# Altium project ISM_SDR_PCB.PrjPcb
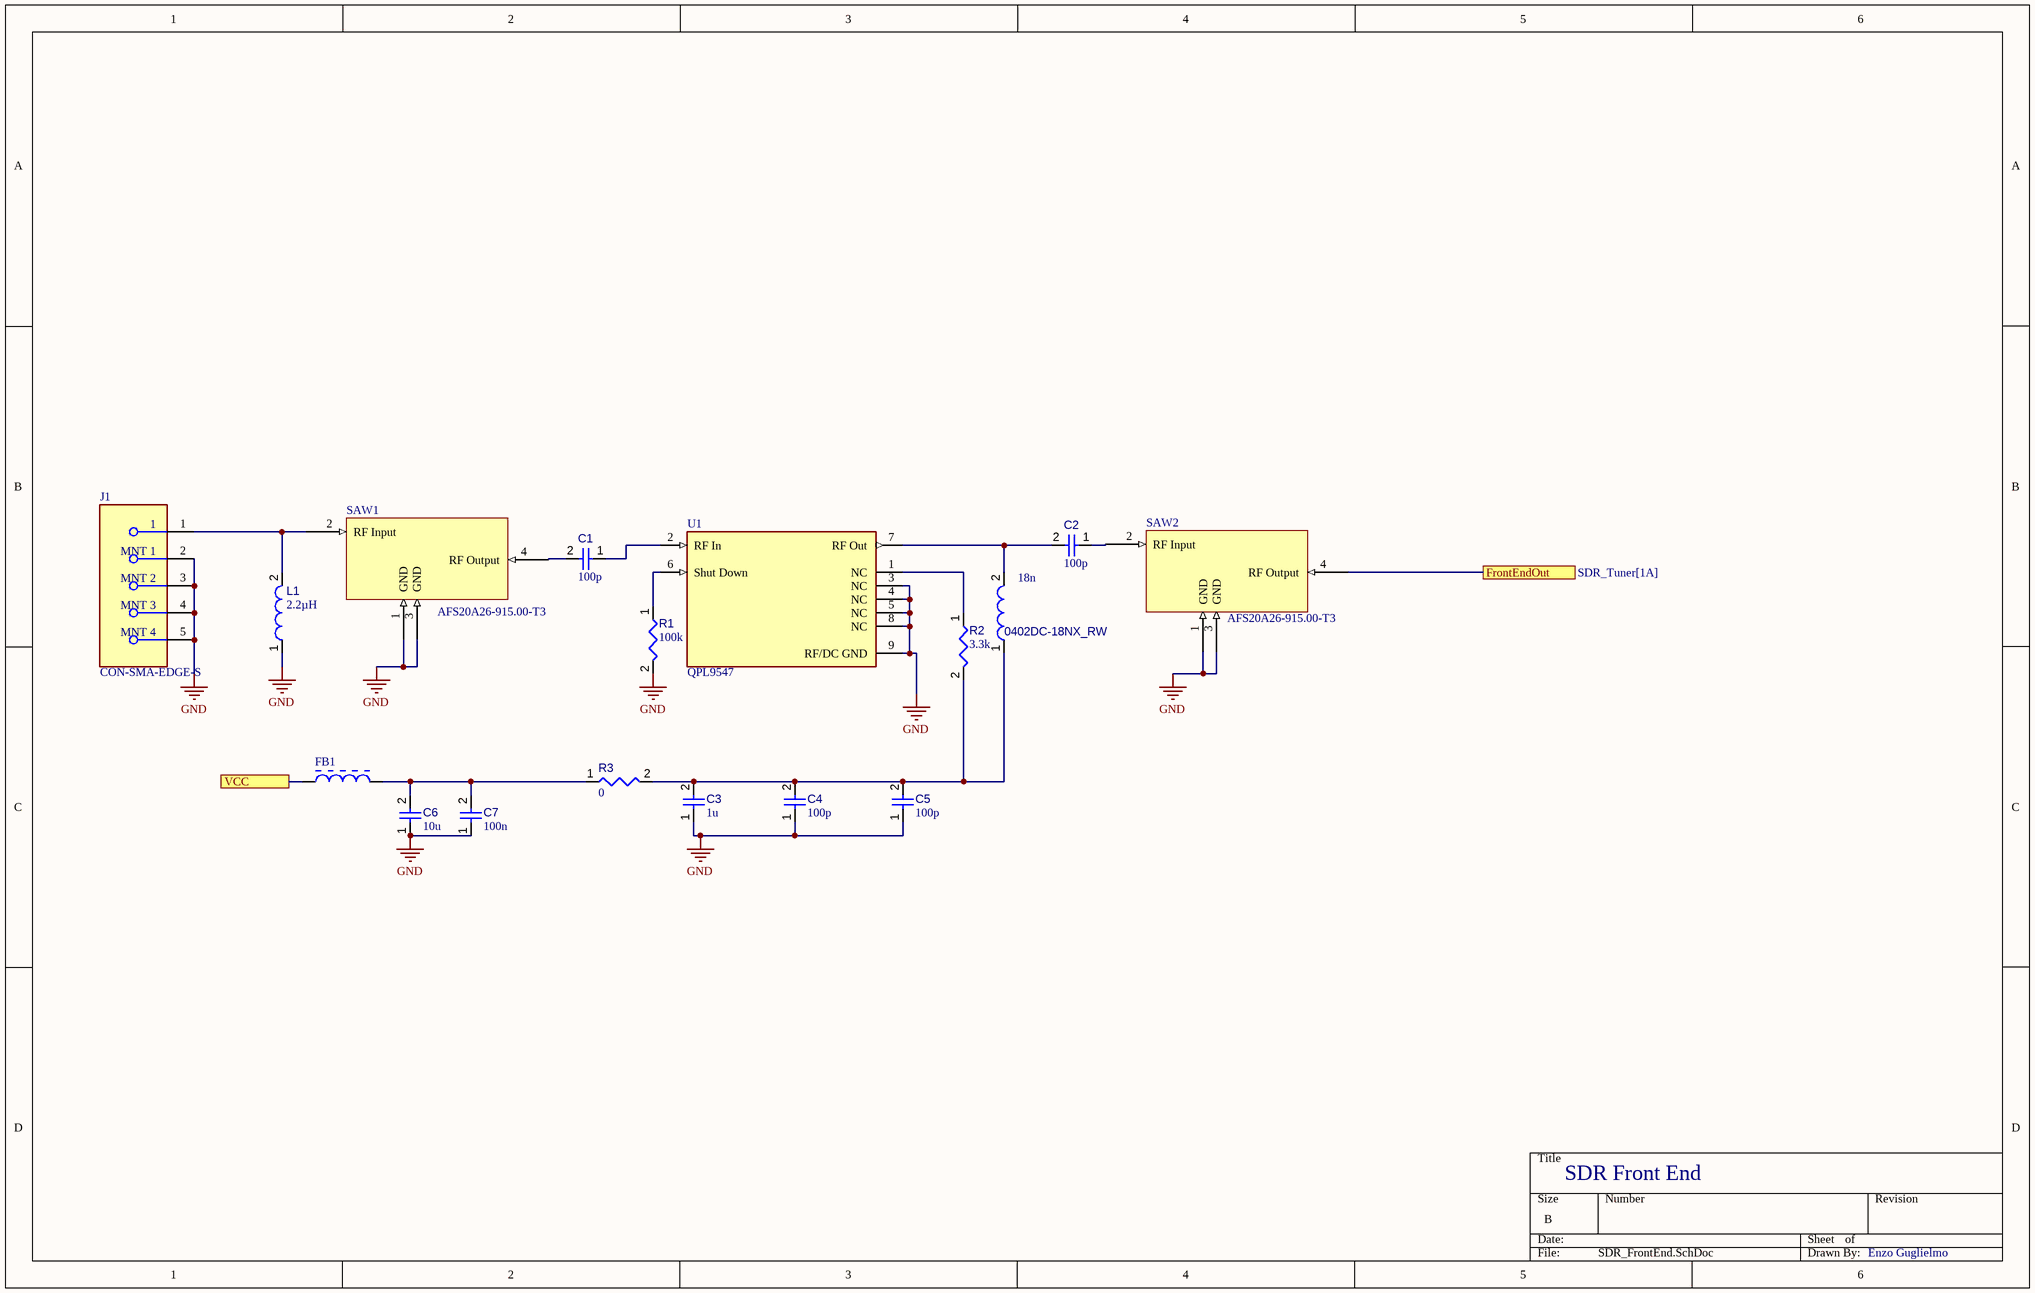
[diagram p0: SDR_FrontEnd.SchDoc]
4 sheets, 139 parts. Net scope: flat (ports and power ports of the same name join across sheets).
Board file: SDR_PCB.PcbDoc
Sheets:
  SDR_FrontEnd.SchDoc
  SDR_LO.SchDoc
  SDR_Tuner.SchDoc
  SDR_Power.SchDoc

## Sheet SDR_FrontEnd.SchDoc
size B; SheetNumber: 1; SheetTotal: 4

### Parts
0402DC-18NX_RW  value 18n  [IND1005X55X20VL5T10]  (hidden comment: ELJ-RF2N2DFB)
C1  value 100p  [CAPC0402(1005)60_L]  (hidden comment: Capacitor 100nF +/-20% 25V 0402)
C2  value 100p  [CAPC0402(1005)60_L]  (hidden comment: Capacitor 100nF +/-20% 25V 0402)
C3  value 1u  [CAPC0402(1005)60_L]  (hidden comment: Capacitor 100nF +/-20% 25V 0402)
C4  value 100p  [CAPC0402(1005)60_L]  (hidden comment: Capacitor 100nF +/-20% 25V 0402)
C5  value 100p  [CAPC0402(1005)60_L]  (hidden comment: Capacitor 100nF +/-20% 25V 0402)
C6  value 10u  [CAPC0402(1005)60_L]  (hidden comment: Capacitor 100nF +/-20% 25V 0402)
C7  value 100n  [CAPC0402(1005)60_L]  (hidden comment: Capacitor 100nF +/-20% 25V 0402)
FB1  BLM21PG331SN1D  [INDC2013X105X50ML20T20]  (value not drawn)
J1  CON-SMA-EDGE-S  [FP-CON-SMA-EDGE-S-MFG]
L1  value 2.2µH  [IND1005X55X20VL5T10]  (hidden comment: ELJ-RF2N2DFB)
R1  value 100k  [RESC1005X40X25ML05T05]  (hidden comment: Resistor 100k +/-1% 0402 63 mW)
R2  value 3.3k  [RESC1005X40X25ML05T05]  (hidden comment: Resistor 100k +/-1% 0402 63 mW)
R3  value 0  [RESC1005X40X25ML05T05]  (hidden comment: Resistor 100k +/-1% 0402 63 mW)
SAW1  AFS20A26-915.00-T3  [AFS20A26-915.00-T3-Footprint-1]
SAW2  AFS20A26-915.00-T3  [AFS20A26-915.00-T3-Footprint-1]
U1  QPL9547  [FP-TQP3M9037-MFG]

### Ports
FrontEndOut (see SDR_Tuner[1A]), VCC (see SDR_Power[1C], SDR_Power[1D], SDR_Power[3A], SDR_Power[3D], SDR_Power[4C], SDR_Tuner[1B])

### Nets
GND: C3.1 C4.1 C5.1 C6.1 C7.1 J1.2(MNT_1) J1.3(MNT_2) J1.4(MNT_3) J1.5(MNT_4) L1.1 R1.2 SAW1.1(GND) SAW1.3(GND) SAW2.1(GND) SAW2.3(GND) U1.3(NC) U1.4(NC) U1.5(NC) U1.8(NC) U1.9(RF/DC_GND)
Net0402DC-18NX_RW_1: 0402DC-18NX_RW.1 C3.2 C4.2 C5.2 R2.2 R3.2
Net0402DC-18NX_RW_2: 0402DC-18NX_RW.2 C2.2 U1.7(RF_Out)
NetC1_1: C1.1 U1.2(RF_In)
NetC1_2: C1.2 SAW1.4(RF_Output)
NetC2_1: C2.1 SAW2.2(RF_Input)
NetC6_2: C6.2 C7.2 FB1.2 R3.1
NetFB1_1: FB1.1 ; port VCC
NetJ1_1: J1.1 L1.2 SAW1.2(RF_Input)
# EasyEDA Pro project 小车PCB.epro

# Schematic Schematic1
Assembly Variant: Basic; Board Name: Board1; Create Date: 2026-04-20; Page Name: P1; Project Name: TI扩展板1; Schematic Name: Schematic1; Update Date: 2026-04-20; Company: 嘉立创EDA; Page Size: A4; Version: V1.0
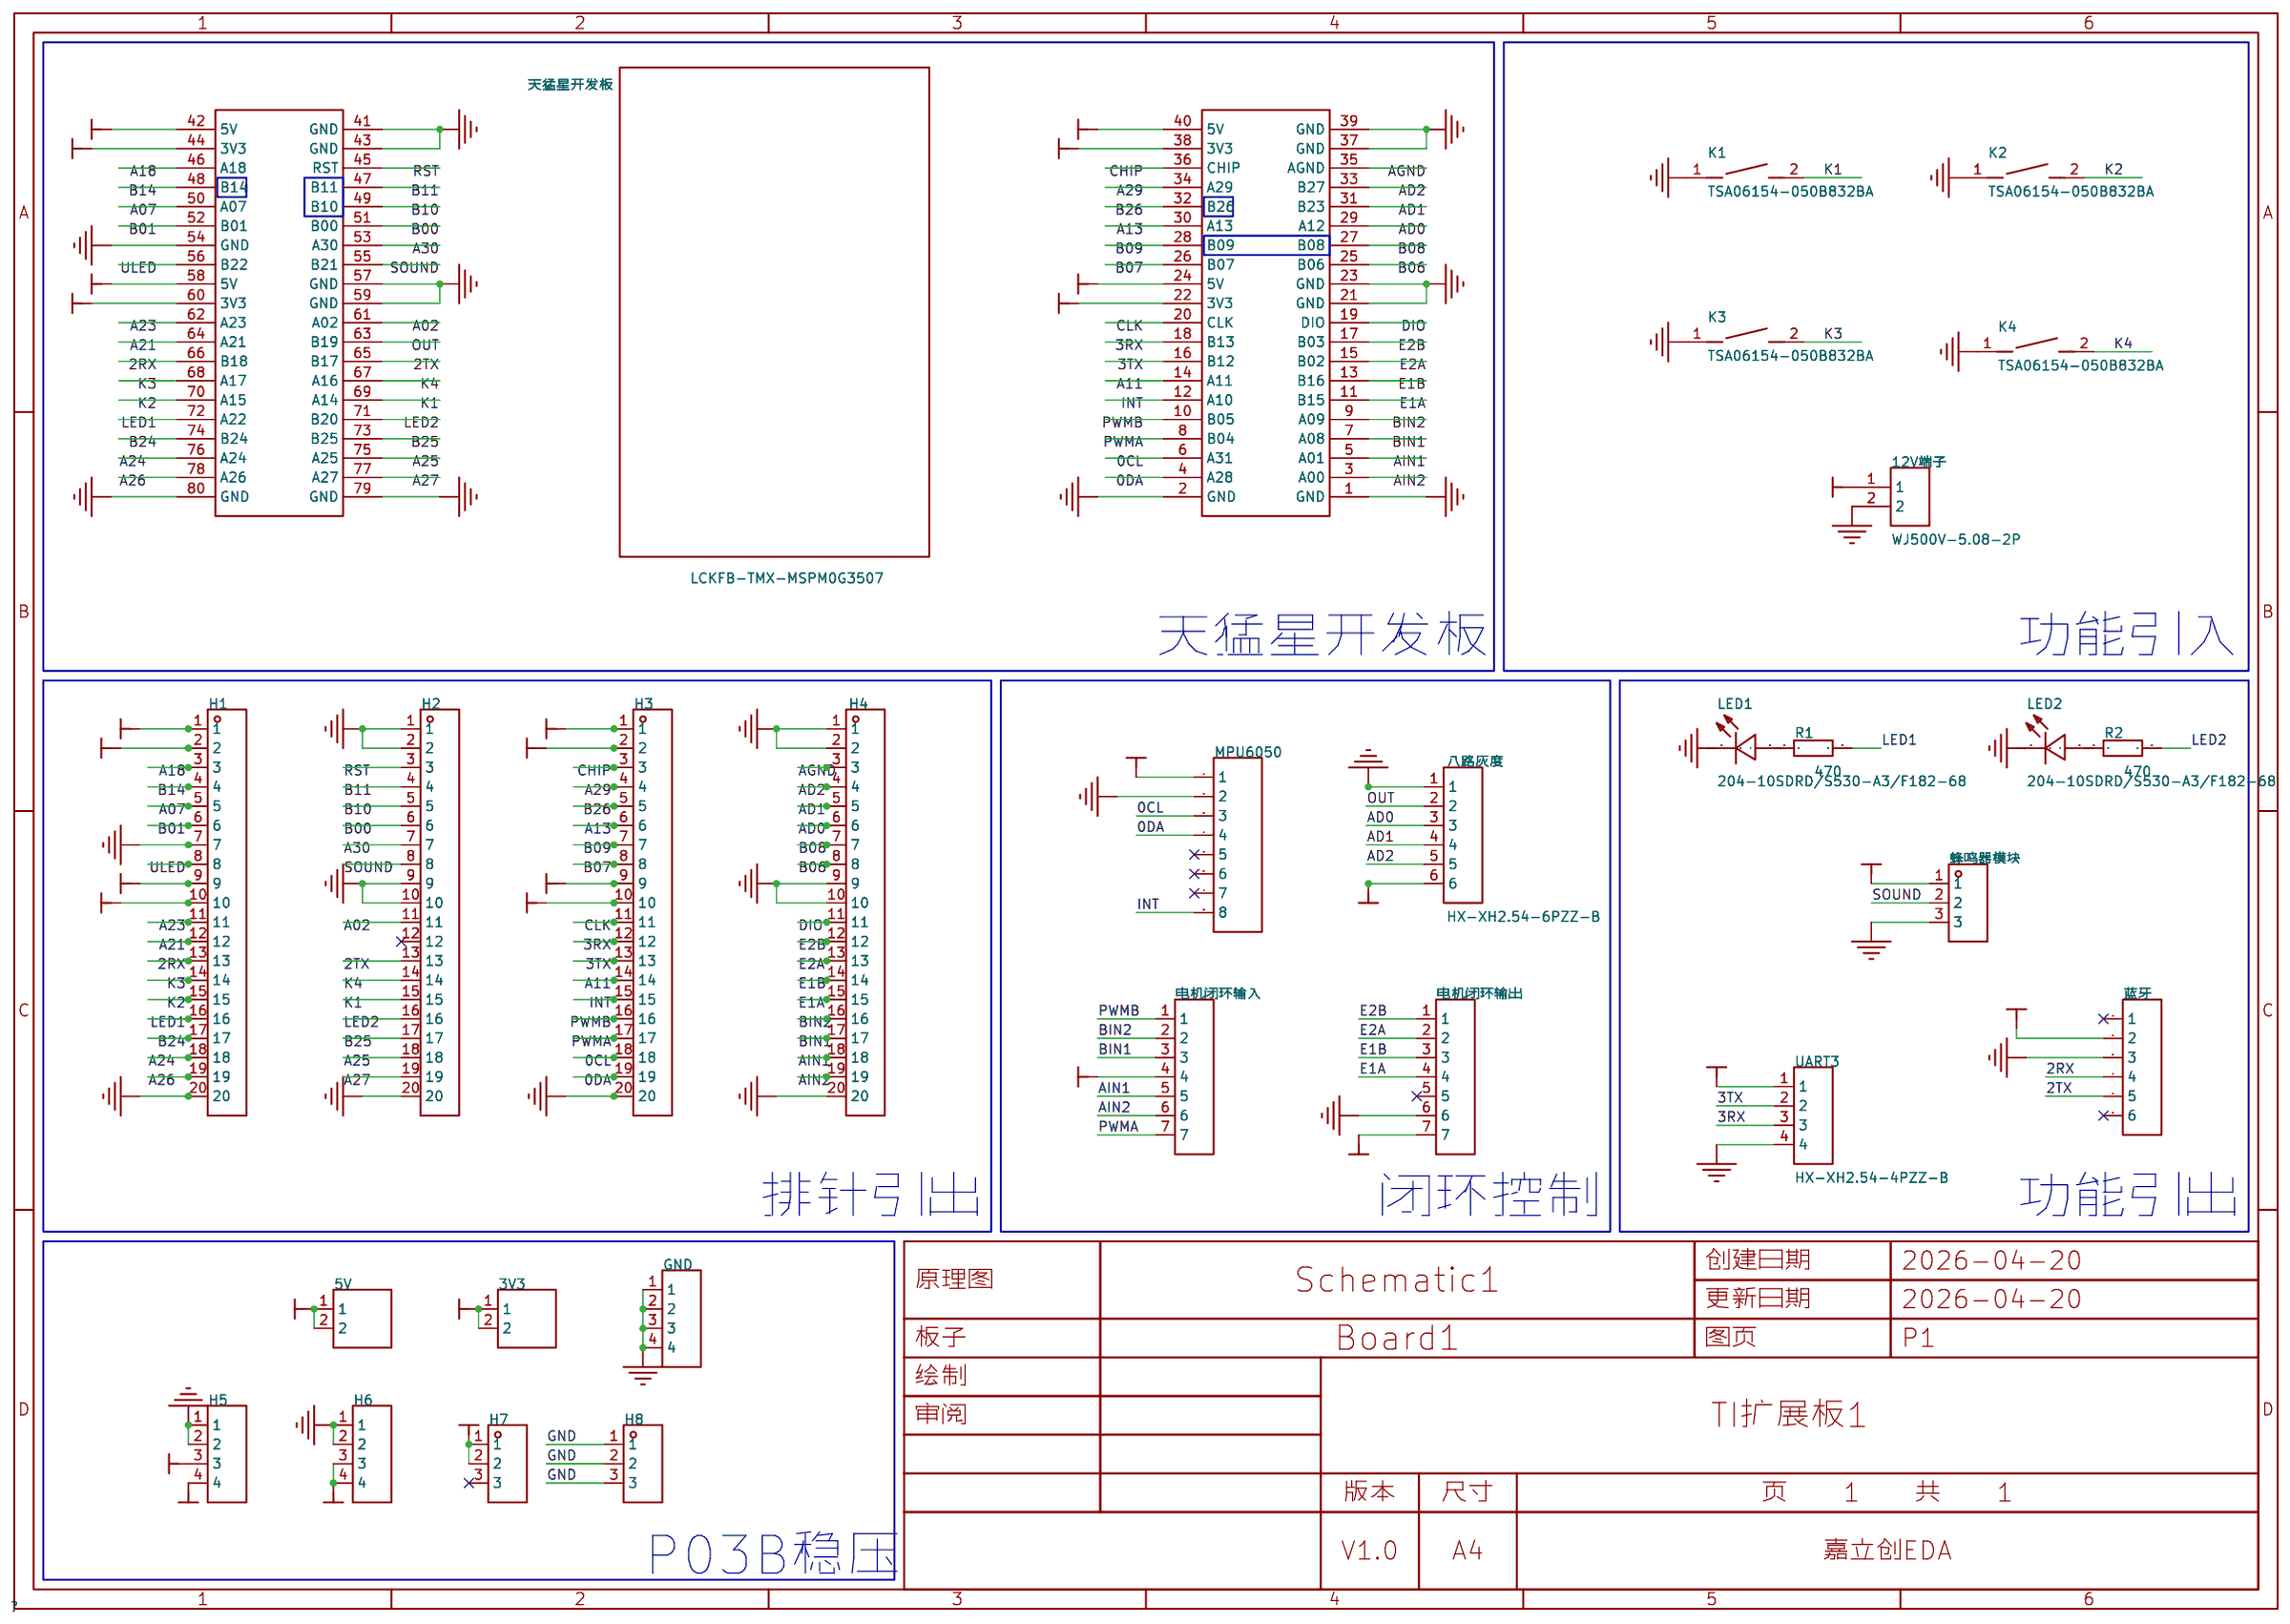
[diagram p0: schematic sheet]

## Parts
3V3  -  [HDR-TH_2P-P2.54-V-M-1]
5V  -  [HDR-TH_2P-P2.54-V-M-1]
12V端子  WJ500V-5.08-2P  [CONN-TH_2P-P5.00_WJ500V-5.08-2P]
GND  -  [HDR-TH_4P-P2.54-V-M]
H1  -  [HDR-TH_20P-P2.54-V-M-1]
H2  -  [HDR-TH_20P-P2.54-V-M-1]
H3  -  [HDR-TH_20P-P2.54-V-M-1]
H4  -  [HDR-TH_20P-P2.54-V-M-1]
H5  -  [HDR-TH_4P-P2.54-V-M]
H6  -  [HDR-TH_4P-P2.54-V-M]
H7  -  [HDR-TH_3P-P2.54-V-M]
H8  -  [HDR-TH_3P-P2.54-V-M]
K1  TSA06154-050B832BA  [SW-TH_L6.1-W6.1-P5.00]
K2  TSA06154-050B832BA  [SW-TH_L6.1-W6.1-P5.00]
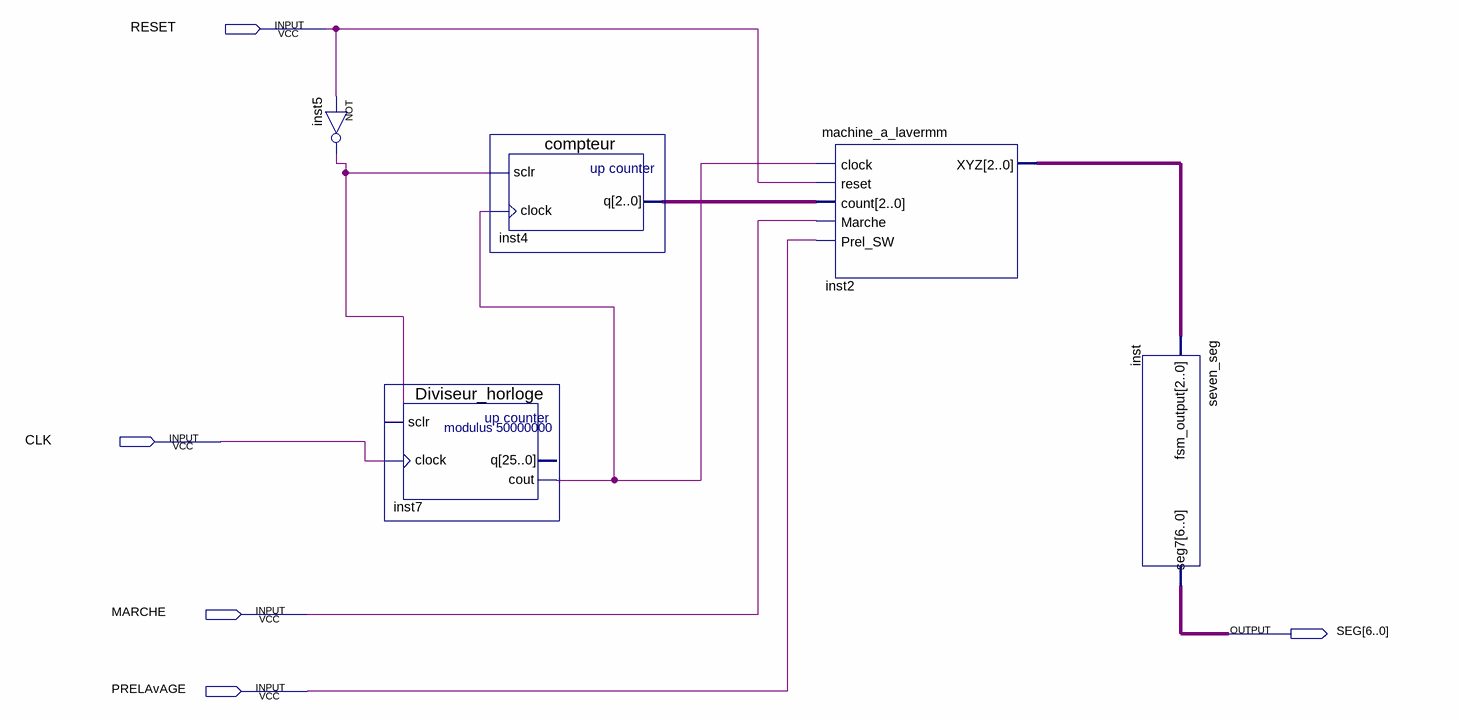
[diagram p0: schematic sheet]
// Quartus schematic schemaBlockmachineAlaver.bdf as structural Verilog: 5 symbols, 5 pins
module schemaBlockmachineAlaver (
  input  RESET,
  input  CLK,
  input  MARCHE,
  input  PRELAvAGE,
  output [6:0] SEG
);

  wire inst5_out, inst7_cout;
  wire [2:0] inst2_xyz, inst4_q;

  not inst5 (inst5_out, RESET);
  Diviseur_horloge inst7 (.sclr(inst5_out), .clock(CLK), .cout(inst7_cout));  // open: q
  compteur inst4 (.sclr(inst5_out), .clock(inst7_cout), .q(inst4_q));
  machine_a_lavermm inst2 (
    .clock(inst7_cout), .reset(RESET), .count(inst4_q), .Marche(MARCHE), .Prel_SW(PRELAvAGE), .XYZ(inst2_xyz));
  seven_seg inst (.fsm_output(inst2_xyz), .seg7(SEG));
endmodule
***
#### Task statement
Please print the lines above exactly, beginning at the first line of the entries and ending at the line holding "FrontEndOut (see SDR_Tuner[1A]), VCC", and leave the pictures out.

#### Solution to this task
# Altium project ISM_SDR_PCB.PrjPcb
[diagram p0: SDR_FrontEnd.SchDoc]
4 sheets, 139 parts. Net scope: flat (ports and power ports of the same name join across sheets).
Board file: SDR_PCB.PcbDoc
Sheets:
  SDR_FrontEnd.SchDoc
  SDR_LO.SchDoc
  SDR_Tuner.SchDoc
  SDR_Power.SchDoc

## Sheet SDR_FrontEnd.SchDoc
size B; SheetNumber: 1; SheetTotal: 4

### Parts
0402DC-18NX_RW  value 18n  [IND1005X55X20VL5T10]  (hidden comment: ELJ-RF2N2DFB)
C1  value 100p  [CAPC0402(1005)60_L]  (hidden comment: Capacitor 100nF +/-20% 25V 0402)
C2  value 100p  [CAPC0402(1005)60_L]  (hidden comment: Capacitor 100nF +/-20% 25V 0402)
C3  value 1u  [CAPC0402(1005)60_L]  (hidden comment: Capacitor 100nF +/-20% 25V 0402)
C4  value 100p  [CAPC0402(1005)60_L]  (hidden comment: Capacitor 100nF +/-20% 25V 0402)
C5  value 100p  [CAPC0402(1005)60_L]  (hidden comment: Capacitor 100nF +/-20% 25V 0402)
C6  value 10u  [CAPC0402(1005)60_L]  (hidden comment: Capacitor 100nF +/-20% 25V 0402)
C7  value 100n  [CAPC0402(1005)60_L]  (hidden comment: Capacitor 100nF +/-20% 25V 0402)
FB1  BLM21PG331SN1D  [INDC2013X105X50ML20T20]  (value not drawn)
J1  CON-SMA-EDGE-S  [FP-CON-SMA-EDGE-S-MFG]
L1  value 2.2µH  [IND1005X55X20VL5T10]  (hidden comment: ELJ-RF2N2DFB)
R1  value 100k  [RESC1005X40X25ML05T05]  (hidden comment: Resistor 100k +/-1% 0402 63 mW)
R2  value 3.3k  [RESC1005X40X25ML05T05]  (hidden comment: Resistor 100k +/-1% 0402 63 mW)
R3  value 0  [RESC1005X40X25ML05T05]  (hidden comment: Resistor 100k +/-1% 0402 63 mW)
SAW1  AFS20A26-915.00-T3  [AFS20A26-915.00-T3-Footprint-1]
SAW2  AFS20A26-915.00-T3  [AFS20A26-915.00-T3-Footprint-1]
U1  QPL9547  [FP-TQP3M9037-MFG]

### Ports
FrontEndOut (see SDR_Tuner[1A]), VCC (see SDR_Power[1C], SDR_Power[1D], SDR_Power[3A], SDR_Power[3D], SDR_Power[4C], SDR_Tuner[1B])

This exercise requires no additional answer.